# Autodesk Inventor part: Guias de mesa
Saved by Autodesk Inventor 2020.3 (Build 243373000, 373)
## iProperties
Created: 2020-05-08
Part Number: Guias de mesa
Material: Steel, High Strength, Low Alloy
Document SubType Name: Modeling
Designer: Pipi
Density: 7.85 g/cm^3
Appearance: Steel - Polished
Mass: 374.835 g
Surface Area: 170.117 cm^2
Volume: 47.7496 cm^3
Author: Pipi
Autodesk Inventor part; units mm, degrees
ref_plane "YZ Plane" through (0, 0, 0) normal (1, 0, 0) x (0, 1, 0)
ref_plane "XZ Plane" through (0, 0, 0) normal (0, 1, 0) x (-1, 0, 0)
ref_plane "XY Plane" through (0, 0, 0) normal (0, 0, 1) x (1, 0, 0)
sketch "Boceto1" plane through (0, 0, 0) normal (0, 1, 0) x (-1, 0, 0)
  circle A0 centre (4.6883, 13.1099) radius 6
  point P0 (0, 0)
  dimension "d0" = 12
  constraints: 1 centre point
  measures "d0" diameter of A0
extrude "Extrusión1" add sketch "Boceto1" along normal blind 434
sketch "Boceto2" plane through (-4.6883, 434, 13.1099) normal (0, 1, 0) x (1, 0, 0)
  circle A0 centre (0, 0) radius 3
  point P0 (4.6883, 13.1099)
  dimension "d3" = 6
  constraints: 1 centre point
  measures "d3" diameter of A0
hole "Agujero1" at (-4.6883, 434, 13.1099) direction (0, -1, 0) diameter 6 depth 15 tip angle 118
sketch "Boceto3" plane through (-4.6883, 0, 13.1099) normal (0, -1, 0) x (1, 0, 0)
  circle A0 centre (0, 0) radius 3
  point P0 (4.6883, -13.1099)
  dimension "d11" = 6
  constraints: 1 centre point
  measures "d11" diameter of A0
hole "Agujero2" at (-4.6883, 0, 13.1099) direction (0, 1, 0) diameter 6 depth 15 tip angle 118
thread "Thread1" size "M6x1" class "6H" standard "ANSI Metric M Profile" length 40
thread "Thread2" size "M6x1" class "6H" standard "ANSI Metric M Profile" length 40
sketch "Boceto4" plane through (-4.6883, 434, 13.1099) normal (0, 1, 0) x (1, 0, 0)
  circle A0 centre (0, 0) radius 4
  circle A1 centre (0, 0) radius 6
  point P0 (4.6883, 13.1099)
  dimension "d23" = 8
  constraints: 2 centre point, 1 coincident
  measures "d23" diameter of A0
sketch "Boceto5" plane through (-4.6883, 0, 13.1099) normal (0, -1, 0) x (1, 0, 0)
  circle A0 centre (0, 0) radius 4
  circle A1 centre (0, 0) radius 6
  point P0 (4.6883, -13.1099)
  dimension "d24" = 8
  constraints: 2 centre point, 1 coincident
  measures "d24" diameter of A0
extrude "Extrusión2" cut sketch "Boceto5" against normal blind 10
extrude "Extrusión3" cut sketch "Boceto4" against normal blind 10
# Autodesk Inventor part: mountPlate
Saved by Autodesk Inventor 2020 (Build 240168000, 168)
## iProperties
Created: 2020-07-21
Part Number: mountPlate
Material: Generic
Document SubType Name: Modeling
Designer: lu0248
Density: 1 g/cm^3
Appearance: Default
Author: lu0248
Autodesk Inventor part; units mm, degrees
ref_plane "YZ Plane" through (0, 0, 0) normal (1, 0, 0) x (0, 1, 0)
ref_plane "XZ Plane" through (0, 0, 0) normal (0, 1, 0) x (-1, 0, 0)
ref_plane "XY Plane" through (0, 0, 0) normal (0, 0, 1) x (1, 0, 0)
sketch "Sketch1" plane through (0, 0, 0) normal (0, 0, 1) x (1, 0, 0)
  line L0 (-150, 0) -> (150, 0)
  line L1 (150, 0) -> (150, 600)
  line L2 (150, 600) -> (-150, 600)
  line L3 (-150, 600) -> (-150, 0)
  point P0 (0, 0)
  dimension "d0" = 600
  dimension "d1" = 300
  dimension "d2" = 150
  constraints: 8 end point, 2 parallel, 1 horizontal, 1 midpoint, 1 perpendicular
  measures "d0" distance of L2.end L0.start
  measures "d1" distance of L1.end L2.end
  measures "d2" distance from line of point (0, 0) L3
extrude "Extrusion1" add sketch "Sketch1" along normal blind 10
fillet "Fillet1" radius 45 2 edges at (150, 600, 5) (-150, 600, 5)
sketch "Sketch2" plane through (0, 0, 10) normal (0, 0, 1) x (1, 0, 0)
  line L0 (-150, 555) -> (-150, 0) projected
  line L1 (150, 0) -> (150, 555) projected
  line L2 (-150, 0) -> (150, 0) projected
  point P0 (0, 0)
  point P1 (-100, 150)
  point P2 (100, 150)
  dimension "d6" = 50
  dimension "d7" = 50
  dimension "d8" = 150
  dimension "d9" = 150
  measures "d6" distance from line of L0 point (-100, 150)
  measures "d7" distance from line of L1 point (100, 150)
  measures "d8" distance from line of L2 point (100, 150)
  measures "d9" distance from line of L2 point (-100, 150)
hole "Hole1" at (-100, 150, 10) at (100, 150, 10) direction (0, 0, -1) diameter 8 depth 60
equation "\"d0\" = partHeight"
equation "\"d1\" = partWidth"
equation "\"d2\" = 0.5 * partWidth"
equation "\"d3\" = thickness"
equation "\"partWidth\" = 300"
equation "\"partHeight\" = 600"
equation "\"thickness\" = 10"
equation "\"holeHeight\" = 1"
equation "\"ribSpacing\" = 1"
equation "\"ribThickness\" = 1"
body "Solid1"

· · · · ·

▶ _Task item_
Above are some records; copy exactly the lines from the one with "Appearance: Steel - Polished" through the one with "Part Number: mountPlate", both included, and no others.

▶ _Answer for the task_
Appearance: Steel - Polished
Mass: 374.835 g
Surface Area: 170.117 cm^2
Volume: 47.7496 cm^3
Author: Pipi
Autodesk Inventor part; units mm, degrees
ref_plane "YZ Plane" through (0, 0, 0) normal (1, 0, 0) x (0, 1, 0)
ref_plane "XZ Plane" through (0, 0, 0) normal (0, 1, 0) x (-1, 0, 0)
ref_plane "XY Plane" through (0, 0, 0) normal (0, 0, 1) x (1, 0, 0)
sketch "Boceto1" plane through (0, 0, 0) normal (0, 1, 0) x (-1, 0, 0)
  circle A0 centre (4.6883, 13.1099) radius 6
  point P0 (0, 0)
  dimension "d0" = 12
  constraints: 1 centre point
  measures "d0" diameter of A0
extrude "Extrusión1" add sketch "Boceto1" along normal blind 434
sketch "Boceto2" plane through (-4.6883, 434, 13.1099) normal (0, 1, 0) x (1, 0, 0)
  circle A0 centre (0, 0) radius 3
  point P0 (4.6883, 13.1099)
  dimension "d3" = 6
  constraints: 1 centre point
  measures "d3" diameter of A0
hole "Agujero1" at (-4.6883, 434, 13.1099) direction (0, -1, 0) diameter 6 depth 15 tip angle 118
sketch "Boceto3" plane through (-4.6883, 0, 13.1099) normal (0, -1, 0) x (1, 0, 0)
  circle A0 centre (0, 0) radius 3
  point P0 (4.6883, -13.1099)
  dimension "d11" = 6
  constraints: 1 centre point
  measures "d11" diameter of A0
hole "Agujero2" at (-4.6883, 0, 13.1099) direction (0, 1, 0) diameter 6 depth 15 tip angle 118
thread "Thread1" size "M6x1" class "6H" standard "ANSI Metric M Profile" length 40
thread "Thread2" size "M6x1" class "6H" standard "ANSI Metric M Profile" length 40
sketch "Boceto4" plane through (-4.6883, 434, 13.1099) normal (0, 1, 0) x (1, 0, 0)
  circle A0 centre (0, 0) radius 4
  circle A1 centre (0, 0) radius 6
  point P0 (4.6883, 13.1099)
  dimension "d23" = 8
  constraints: 2 centre point, 1 coincident
  measures "d23" diameter of A0
sketch "Boceto5" plane through (-4.6883, 0, 13.1099) normal (0, -1, 0) x (1, 0, 0)
  circle A0 centre (0, 0) radius 4
  circle A1 centre (0, 0) radius 6
  point P0 (4.6883, -13.1099)
  dimension "d24" = 8
  constraints: 2 centre point, 1 coincident
  measures "d24" diameter of A0
extrude "Extrusión2" cut sketch "Boceto5" against normal blind 10
extrude "Extrusión3" cut sketch "Boceto4" against normal blind 10
# Autodesk Inventor part: mountPlate
Saved by Autodesk Inventor 2020 (Build 240168000, 168)
## iProperties
Created: 2020-07-21
Part Number: mountPlate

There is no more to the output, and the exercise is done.